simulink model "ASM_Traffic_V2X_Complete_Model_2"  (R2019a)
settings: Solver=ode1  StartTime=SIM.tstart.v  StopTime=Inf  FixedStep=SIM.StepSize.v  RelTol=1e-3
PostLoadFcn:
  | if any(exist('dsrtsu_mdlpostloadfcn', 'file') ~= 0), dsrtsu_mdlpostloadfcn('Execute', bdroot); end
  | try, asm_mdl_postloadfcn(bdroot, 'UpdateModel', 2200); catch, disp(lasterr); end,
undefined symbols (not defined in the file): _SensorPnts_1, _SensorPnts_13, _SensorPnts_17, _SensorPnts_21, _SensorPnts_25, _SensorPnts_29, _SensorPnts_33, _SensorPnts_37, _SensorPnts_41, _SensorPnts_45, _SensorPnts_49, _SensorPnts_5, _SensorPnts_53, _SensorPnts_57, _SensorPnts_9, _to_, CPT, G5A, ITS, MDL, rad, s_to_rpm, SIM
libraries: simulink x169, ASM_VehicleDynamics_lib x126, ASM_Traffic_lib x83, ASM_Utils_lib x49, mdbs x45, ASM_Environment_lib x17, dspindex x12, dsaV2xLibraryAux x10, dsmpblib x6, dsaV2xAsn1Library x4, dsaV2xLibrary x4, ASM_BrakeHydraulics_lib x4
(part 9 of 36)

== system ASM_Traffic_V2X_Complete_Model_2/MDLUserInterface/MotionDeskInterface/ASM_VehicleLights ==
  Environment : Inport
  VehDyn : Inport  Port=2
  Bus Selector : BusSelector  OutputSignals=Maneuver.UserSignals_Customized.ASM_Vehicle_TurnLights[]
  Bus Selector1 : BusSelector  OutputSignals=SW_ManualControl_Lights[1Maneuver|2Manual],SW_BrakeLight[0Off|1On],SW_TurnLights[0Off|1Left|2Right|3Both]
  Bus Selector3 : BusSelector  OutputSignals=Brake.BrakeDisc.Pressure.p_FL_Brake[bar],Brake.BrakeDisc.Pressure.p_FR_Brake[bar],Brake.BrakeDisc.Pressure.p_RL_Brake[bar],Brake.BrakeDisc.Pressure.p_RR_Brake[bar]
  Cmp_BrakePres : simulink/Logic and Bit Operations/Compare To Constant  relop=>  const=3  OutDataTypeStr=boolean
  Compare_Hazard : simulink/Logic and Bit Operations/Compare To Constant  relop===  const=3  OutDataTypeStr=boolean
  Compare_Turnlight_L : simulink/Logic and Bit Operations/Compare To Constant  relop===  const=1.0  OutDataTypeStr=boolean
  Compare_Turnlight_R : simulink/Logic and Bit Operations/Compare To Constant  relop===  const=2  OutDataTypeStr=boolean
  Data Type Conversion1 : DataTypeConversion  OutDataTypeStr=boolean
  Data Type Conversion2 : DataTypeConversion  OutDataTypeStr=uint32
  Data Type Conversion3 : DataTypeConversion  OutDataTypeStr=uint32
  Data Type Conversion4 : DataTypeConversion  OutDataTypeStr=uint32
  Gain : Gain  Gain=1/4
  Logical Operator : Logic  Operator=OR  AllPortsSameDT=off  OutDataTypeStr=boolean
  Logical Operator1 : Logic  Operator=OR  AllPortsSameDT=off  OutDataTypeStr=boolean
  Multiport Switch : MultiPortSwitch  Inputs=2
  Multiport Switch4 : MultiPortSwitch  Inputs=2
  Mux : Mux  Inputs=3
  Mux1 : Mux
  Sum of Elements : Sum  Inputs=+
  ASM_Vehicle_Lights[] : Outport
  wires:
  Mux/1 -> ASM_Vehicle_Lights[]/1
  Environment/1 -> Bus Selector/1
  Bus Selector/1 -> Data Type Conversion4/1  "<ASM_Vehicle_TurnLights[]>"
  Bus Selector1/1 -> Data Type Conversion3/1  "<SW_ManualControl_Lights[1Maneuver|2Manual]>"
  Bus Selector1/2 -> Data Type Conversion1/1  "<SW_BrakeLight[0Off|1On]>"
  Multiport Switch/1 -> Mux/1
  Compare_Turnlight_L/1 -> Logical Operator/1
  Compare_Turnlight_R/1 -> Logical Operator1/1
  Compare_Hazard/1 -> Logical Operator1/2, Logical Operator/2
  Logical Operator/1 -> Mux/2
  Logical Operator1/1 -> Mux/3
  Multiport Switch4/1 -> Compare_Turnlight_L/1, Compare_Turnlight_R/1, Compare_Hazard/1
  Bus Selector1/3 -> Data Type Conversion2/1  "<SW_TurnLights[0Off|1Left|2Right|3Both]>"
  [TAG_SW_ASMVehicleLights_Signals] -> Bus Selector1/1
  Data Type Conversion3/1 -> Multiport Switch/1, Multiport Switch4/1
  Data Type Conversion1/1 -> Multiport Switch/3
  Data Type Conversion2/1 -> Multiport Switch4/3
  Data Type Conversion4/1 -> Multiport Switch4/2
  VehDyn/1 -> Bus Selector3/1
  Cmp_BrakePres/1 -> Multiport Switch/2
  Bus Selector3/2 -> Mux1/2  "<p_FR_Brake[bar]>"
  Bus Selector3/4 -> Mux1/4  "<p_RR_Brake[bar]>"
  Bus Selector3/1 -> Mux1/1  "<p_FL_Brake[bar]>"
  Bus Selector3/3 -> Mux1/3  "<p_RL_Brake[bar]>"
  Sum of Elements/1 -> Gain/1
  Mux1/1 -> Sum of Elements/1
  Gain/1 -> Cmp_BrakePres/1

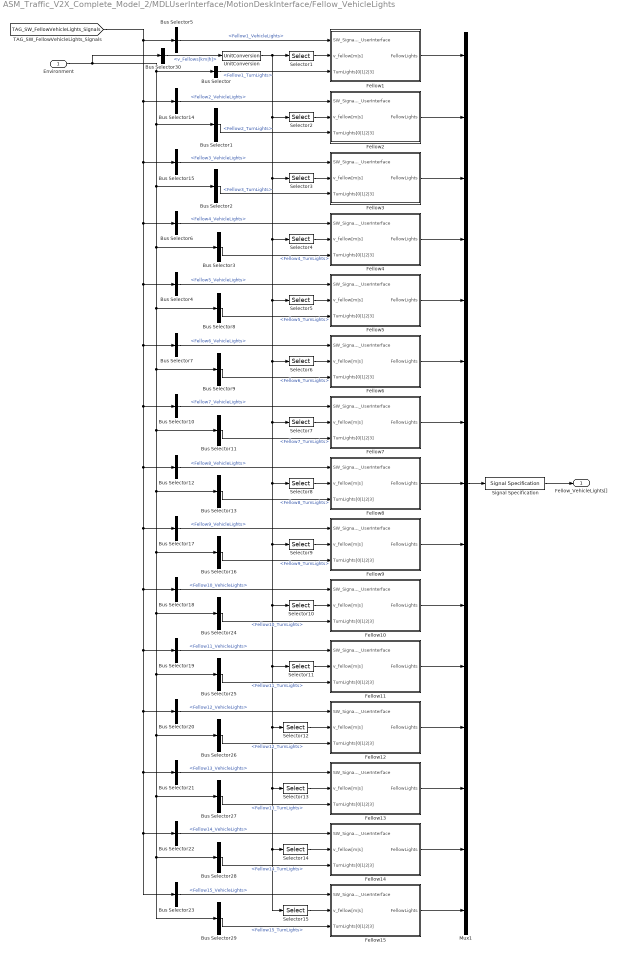
== system ASM_Traffic_V2X_Complete_Model_2/MDLUserInterface/MotionDeskInterface/Fellow_VehicleLights ==
  Environment : Inport
  Bus Selector : BusSelector  OutputSignals=Traffic.FellowMovement.UserSignals_Customized.Fellow1_TurnLights
  Bus Selector1 : BusSelector  OutputSignals=Traffic.FellowMovement.UserSignals_Customized.Fellow2_TurnLights
  Bus Selector10 : BusSelector  OutputSignals=Fellow7_VehicleLights
  Bus Selector11 : BusSelector  OutputSignals=Traffic.FellowMovement.UserSignals_Customized.Fellow7_TurnLights
  Bus Selector12 : BusSelector  OutputSignals=Fellow8_VehicleLights
  Bus Selector13 : BusSelector  OutputSignals=Traffic.FellowMovement.UserSignals_Customized.Fellow8_TurnLights
  Bus Selector14 : BusSelector  OutputSignals=Fellow2_VehicleLights
  Bus Selector15 : BusSelector  OutputSignals=Fellow3_VehicleLights
  Bus Selector16 : BusSelector  OutputSignals=Traffic.FellowMovement.UserSignals_Customized.Fellow9_TurnLights
  Bus Selector17 : BusSelector  OutputSignals=Fellow9_VehicleLights
  Bus Selector18 : BusSelector  OutputSignals=Fellow10_VehicleLights
  Bus Selector19 : BusSelector  OutputSignals=Fellow11_VehicleLights
  Bus Selector2 : BusSelector  OutputSignals=Traffic.FellowMovement.UserSignals_Customized.Fellow3_TurnLights
  Bus Selector20 : BusSelector  OutputSignals=Fellow12_VehicleLights
  Bus Selector21 : BusSelector  OutputSignals=Fellow13_VehicleLights
  Bus Selector22 : BusSelector  OutputSignals=Fellow14_VehicleLights
  Bus Selector23 : BusSelector  OutputSignals=Fellow15_VehicleLights
  Bus Selector24 : BusSelector  OutputSignals=Traffic.FellowMovement.UserSignals_Customized.Fellow10_TurnLights
  Bus Selector25 : BusSelector  OutputSignals=Traffic.FellowMovement.UserSignals_Customized.Fellow11_TurnLights
  Bus Selector26 : BusSelector  OutputSignals=Traffic.FellowMovement.UserSignals_Customized.Fellow12_TurnLights
  Bus Selector27 : BusSelector  OutputSignals=Traffic.FellowMovement.UserSignals_Customized.Fellow13_TurnLights
  Bus Selector28 : BusSelector  OutputSignals=Traffic.FellowMovement.UserSignals_Customized.Fellow14_TurnLights
  Bus Selector29 : BusSelector  OutputSignals=Traffic.FellowMovement.UserSignals_Customized.Fellow15_TurnLights
  Bus Selector3 : BusSelector  OutputSignals=Traffic.FellowMovement.UserSignals_Customized.Fellow4_TurnLights
  Bus Selector30 : BusSelector  OutputSignals=Traffic.FellowMovement.FellowMovement.v_Fellows[km|h]
  Bus Selector4 : BusSelector  OutputSignals=Fellow5_VehicleLights
  Bus Selector5 : BusSelector  OutputSignals=Fellow1_VehicleLights
  Bus Selector6 : BusSelector  OutputSignals=Fellow4_VehicleLights
  Bus Selector7 : BusSelector  OutputSignals=Fellow6_VehicleLights
  Bus Selector8 : BusSelector  OutputSignals=Traffic.FellowMovement.UserSignals_Customized.Fellow5_TurnLights
  Bus Selector9 : BusSelector  OutputSignals=Traffic.FellowMovement.UserSignals_Customized.Fellow6_TurnLights
  Fellow1 : Subsystem
  Fellow10 : Subsystem
  Fellow11 : Subsystem
  Fellow12 : Subsystem
  Fellow13 : Subsystem
  Fellow14 : Subsystem
  Fellow15 : Subsystem
  Fellow2 : Subsystem
  Fellow3 : Subsystem
  Fellow4 : Subsystem
  Fellow5 : Subsystem
  Fellow6 : Subsystem
  Fellow7 : Subsystem
  Fellow8 : Subsystem
  Fellow9 : Subsystem
  Mux1 : Mux  Inputs=15
  Selector1 : Selector  InputPortWidth=MDL.Traffic.MaxNumFellows.v  IndexOptions=Index vector (dialog)  Indices=1  OutputSizes=1
  Selector10 : Selector  InputPortWidth=MDL.Traffic.MaxNumFellows.v  IndexOptions=Index vector (dialog)  Indices=10  OutputSizes=1
  Selector11 : Selector  InputPortWidth=MDL.Traffic.MaxNumFellows.v  IndexOptions=Index vector (dialog)  Indices=11  OutputSizes=1
  Selector12 : Selector  InputPortWidth=MDL.Traffic.MaxNumFellows.v  IndexOptions=Index vector (dialog)  Indices=12  OutputSizes=1
  Selector13 : Selector  InputPortWidth=MDL.Traffic.MaxNumFellows.v  IndexOptions=Index vector (dialog)  Indices=13  OutputSizes=1
  Selector14 : Selector  InputPortWidth=MDL.Traffic.MaxNumFellows.v  IndexOptions=Index vector (dialog)  Indices=14  OutputSizes=1
  Selector15 : Selector  InputPortWidth=MDL.Traffic.MaxNumFellows.v  IndexOptions=Index vector (dialog)  Indices=15  OutputSizes=1
  Selector2 : Selector  InputPortWidth=MDL.Traffic.MaxNumFellows.v  IndexOptions=Index vector (dialog)  Indices=2  OutputSizes=1
  Selector3 : Selector  InputPortWidth=MDL.Traffic.MaxNumFellows.v  IndexOptions=Index vector (dialog)  Indices=3  OutputSizes=1
  Selector4 : Selector  InputPortWidth=MDL.Traffic.MaxNumFellows.v  IndexOptions=Index vector (dialog)  Indices=4  OutputSizes=1
  Selector5 : Selector  InputPortWidth=MDL.Traffic.MaxNumFellows.v  IndexOptions=Index vector (dialog)  Indices=5  OutputSizes=1
  Selector6 : Selector  InputPortWidth=MDL.Traffic.MaxNumFellows.v  IndexOptions=Index vector (dialog)  Indices=6  OutputSizes=1
  Selector7 : Selector  InputPortWidth=MDL.Traffic.MaxNumFellows.v  IndexOptions=Index vector (dialog)  Indices=7  OutputSizes=1
  Selector8 : Selector  InputPortWidth=MDL.Traffic.MaxNumFellows.v  IndexOptions=Index vector (dialog)  Indices=8  OutputSizes=1
  Selector9 : Selector  InputPortWidth=MDL.Traffic.MaxNumFellows.v  IndexOptions=Index vector (dialog)  Indices=9  OutputSizes=1
  Signal Specification : SignalSpecification  SampleTime=SIM.StepSize.v
  UnitConversion : ASM_Utils_lib/UnitConversion/UnitConversion  Selection=km/h_to_m/s
  Fellow_VehicleLights[] : Outport
  wires:
  UnitConversion/1 -> Selector1/1, Selector2/1, Selector3/1, Selector4/1, Selector5/1, Selector6/1, Selector7/1, Selector8/1, Selector9/1, Selector10/1, Selector11/1, Selector12/1, Selector13/1, Selector14/1, Selector15/1
  Bus Selector29/1 -> Fellow15/3(TurnLights[0|1|2|3])  "<Fellow15_TurnLights>"
  Bus Selector28/1 -> Fellow14/3(TurnLights[0|1|2|3])  "<Fellow14_TurnLights>"
  Bus Selector22/1 -> Fellow14/1(SW_Signals_UserInterface)  "<Fellow14_VehicleLights>"
  Bus Selector27/1 -> Fellow13/3(TurnLights[0|1|2|3])  "<Fellow13_TurnLights>"
  Bus Selector21/1 -> Fellow13/1(SW_Signals_UserInterface)  "<Fellow13_VehicleLights>"
  Bus Selector26/1 -> Fellow12/3(TurnLights[0|1|2|3])  "<Fellow12_TurnLights>"
  Bus Selector25/1 -> Fellow11/3(TurnLights[0|1|2|3])  "<Fellow11_TurnLights>"
  Bus Selector24/1 -> Fellow10/3(TurnLights[0|1|2|3])  "<Fellow10_TurnLights>"
  Bus Selector16/1 -> Fellow9/3(TurnLights[0|1|2|3])  "<Fellow9_TurnLights>"
  Bus Selector13/1 -> Fellow8/3(TurnLights[0|1|2|3])  "<Fellow8_TurnLights>"
  Bus Selector12/1 -> Fellow8/1(SW_Signals_UserInterface)  "<Fellow8_VehicleLights>"
  Bus Selector11/1 -> Fellow7/3(TurnLights[0|1|2|3])  "<Fellow7_TurnLights>"
  Bus Selector9/1 -> Fellow6/3(TurnLights[0|1|2|3])  "<Fellow6_TurnLights>"
  Bus Selector7/1 -> Fellow6/1(SW_Signals_UserInterface)  "<Fellow6_VehicleLights>"
  Bus Selector8/1 -> Fellow5/3(TurnLights[0|1|2|3])  "<Fellow5_TurnLights>"
  Bus Selector3/1 -> Fellow4/3(TurnLights[0|1|2|3])  "<Fellow4_TurnLights>"
  Bus Selector23/1 -> Fellow15/1(SW_Signals_UserInterface)  "<Fellow15_VehicleLights>"
  Bus Selector20/1 -> Fellow12/1(SW_Signals_UserInterface)  "<Fellow12_VehicleLights>"
  Bus Selector19/1 -> Fellow11/1(SW_Signals_UserInterface)  "<Fellow11_VehicleLights>"
  Bus Selector18/1 -> Fellow10/1(SW_Signals_UserInterface)  "<Fellow10_VehicleLights>"
  Fellow15/1(FellowLights) -> Mux1/15
  Fellow14/1(FellowLights) -> Mux1/14
  Fellow13/1(FellowLights) -> Mux1/13
  Fellow12/1(FellowLights) -> Mux1/12
  Fellow11/1(FellowLights) -> Mux1/11
  Fellow10/1(FellowLights) -> Mux1/10
  Bus Selector17/1 -> Fellow9/1(SW_Signals_UserInterface)  "<Fellow9_VehicleLights>"
  Bus Selector10/1 -> Fellow7/1(SW_Signals_UserInterface)  "<Fellow7_VehicleLights>"
  Bus Selector4/1 -> Fellow5/1(SW_Signals_UserInterface)  "<Fellow5_VehicleLights>"
  Bus Selector6/1 -> Fellow4/1(SW_Signals_UserInterface)  "<Fellow4_VehicleLights>"
  Bus Selector15/1 -> Fellow3/1(SW_Signals_UserInterface)  "<Fellow3_VehicleLights>"
  Bus Selector14/1 -> Fellow2/1(SW_Signals_UserInterface)  "<Fellow2_VehicleLights>"
  Bus Selector5/1 -> Fellow1/1(SW_Signals_UserInterface)  "<Fellow1_VehicleLights>"
  [TAG_SW_FellowVehicleLights_Signals] -> Bus Selector5/1, Bus Selector15/1, Bus Selector6/1, Bus Selector4/1, Bus Selector7/1, Bus Selector10/1, Bus Selector12/1, Bus Selector17/1, Bus Selector18/1, Bus Selector19/1, Bus Selector20/1, Bus Selector21/1, Bus Selector22/1, Bus Selector23/1, Bus Selector14/1
  Fellow9/1(FellowLights) -> Mux1/9
  Fellow8/1(FellowLights) -> Mux1/8
  Fellow7/1(FellowLights) -> Mux1/7
  Fellow6/1(FellowLights) -> Mux1/6
  Fellow5/1(FellowLights) -> Mux1/5
  Fellow4/1(FellowLights) -> Mux1/4
  Fellow3/1(FellowLights) -> Mux1/3
  Fellow2/1(FellowLights) -> Mux1/2
  Fellow1/1(FellowLights) -> Mux1/1
  Bus Selector2/1 -> Fellow3/3(TurnLights[0|1|2|3])  "<Fellow3_TurnLights>"
  Bus Selector1/1 -> Fellow2/3(TurnLights[0|1|2|3])  "<Fellow2_TurnLights>"
  Bus Selector/1 -> Fellow1/3(TurnLights[0|1|2|3])  "<Fellow1_TurnLights>"
  Environment/1 -> Bus Selector30/1, Bus Selector3/1, Bus Selector8/1, Bus Selector9/1, Bus Selector11/1, Bus Selector13/1, Bus Selector16/1, Bus Selector24/1, Bus Selector25/1, Bus Selector26/1, Bus Selector27/1, Bus Selector28/1, Bus Selector29/1, Bus Selector2/1, Bus Selector1/1, Bus Selector/1
  Mux1/1 -> Signal Specification/1
  Signal Specification/1 -> Fellow_VehicleLights[]/1
  Bus Selector30/1 -> UnitConversion/1  "<v_Fellows[km|h]>"
  Selector1/1 -> Fellow1/2(v_fellow[m|s])
  Selector2/1 -> Fellow2/2(v_fellow[m|s])
  Selector3/1 -> Fellow3/2(v_fellow[m|s])
  Selector4/1 -> Fellow4/2(v_fellow[m|s])
  Selector5/1 -> Fellow5/2(v_fellow[m|s])
  Selector6/1 -> Fellow6/2(v_fellow[m|s])
  Selector7/1 -> Fellow7/2(v_fellow[m|s])
  Selector8/1 -> Fellow8/2(v_fellow[m|s])
  Selector9/1 -> Fellow9/2(v_fellow[m|s])
  Selector10/1 -> Fellow10/2(v_fellow[m|s])
  Selector11/1 -> Fellow11/2(v_fellow[m|s])
  Selector12/1 -> Fellow12/2(v_fellow[m|s])
  Selector13/1 -> Fellow13/2(v_fellow[m|s])
  Selector14/1 -> Fellow14/2(v_fellow[m|s])
  Selector15/1 -> Fellow15/2(v_fellow[m|s])

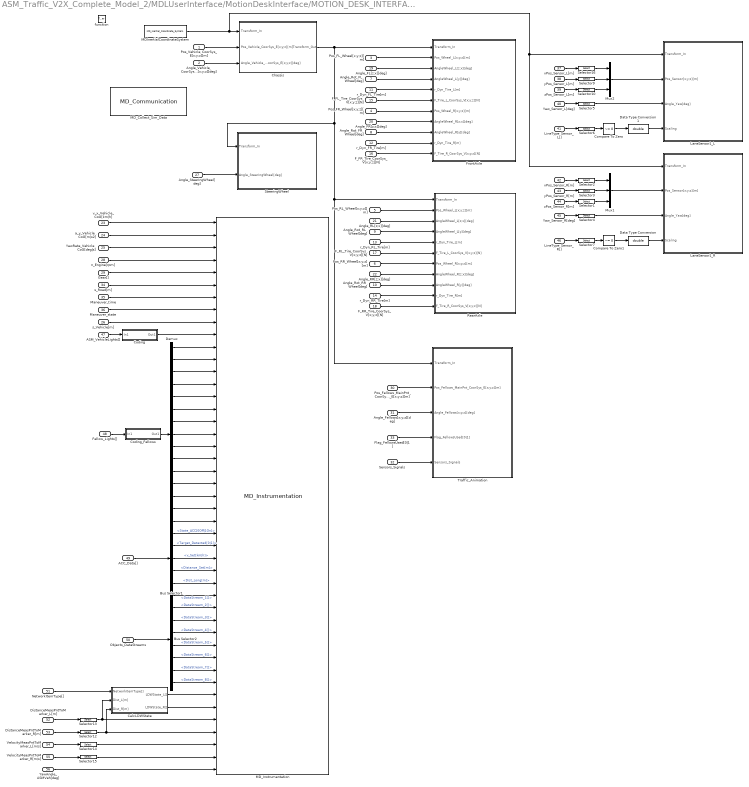
== system ASM_Traffic_V2X_Complete_Model_2/MDLUserInterface/MotionDeskInterface/MOTION_DESK_INTERFACE ==
  Pos_Vehicle_CoorSys_E[x;y;z][m] : Inport
  Angle_Vehicle_CoorSys_E[x;y;z][deg] : Inport  Port=2
  Pos_FL_Wheel[x;y;z][m] : Inport  Port=3
  Pos_FR_Wheel[x;y;z][m] : Inport  Port=4
  Pos_RL_Wheel[x;y;z][m] : Inport  Port=5
  Pos_RR_Wheel[x;y;z][m] : Inport  Port=6
  Angle_Rot_FL_Wheel[deg] : Inport  Port=7
  Angle_Rot_FR_Wheel[deg] : Inport  Port=8
  Angle_Rot_RL_Wheel[deg] : Inport  Port=9
  Angle_Rot_RR_Wheel[deg] : Inport  Port=10
  r_Dyn_FL_Tire[m] : Inport  Port=11
  r_Dyn_FR_Tire[m] : Inport  Port=12
  r_Dyn_RL_Tire[m] : Inport  Port=13
  r_Dyn_RR_Tire[m] : Inport  Port=14
  F_FL_Tire_CoorSys_V[x;y;z][N] : Inport  Port=15
  F_FR_Tire_CoorSys_V[x;y;z][N] : Inport  Port=16
  F_RL_Tire_CoorSys_V[x;y;z][N] : Inport  Port=17
  F_RR_Tire_CoorSys_V[x;y;z][N] : Inport  Port=18
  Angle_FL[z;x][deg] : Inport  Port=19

+--

Set down, exactly as they stand above, the lines starting with the line with "Bus Selector25/1 ->" and going on through the line with "Bus Selector16/1 ->", and no others.

  Bus Selector25/1 -> Fellow11/3(TurnLights[0|1|2|3])  "<Fellow11_TurnLights>"
  Bus Selector24/1 -> Fellow10/3(TurnLights[0|1|2|3])  "<Fellow10_TurnLights>"
  Bus Selector16/1 -> Fellow9/3(TurnLights[0|1|2|3])  "<Fellow9_TurnLights>"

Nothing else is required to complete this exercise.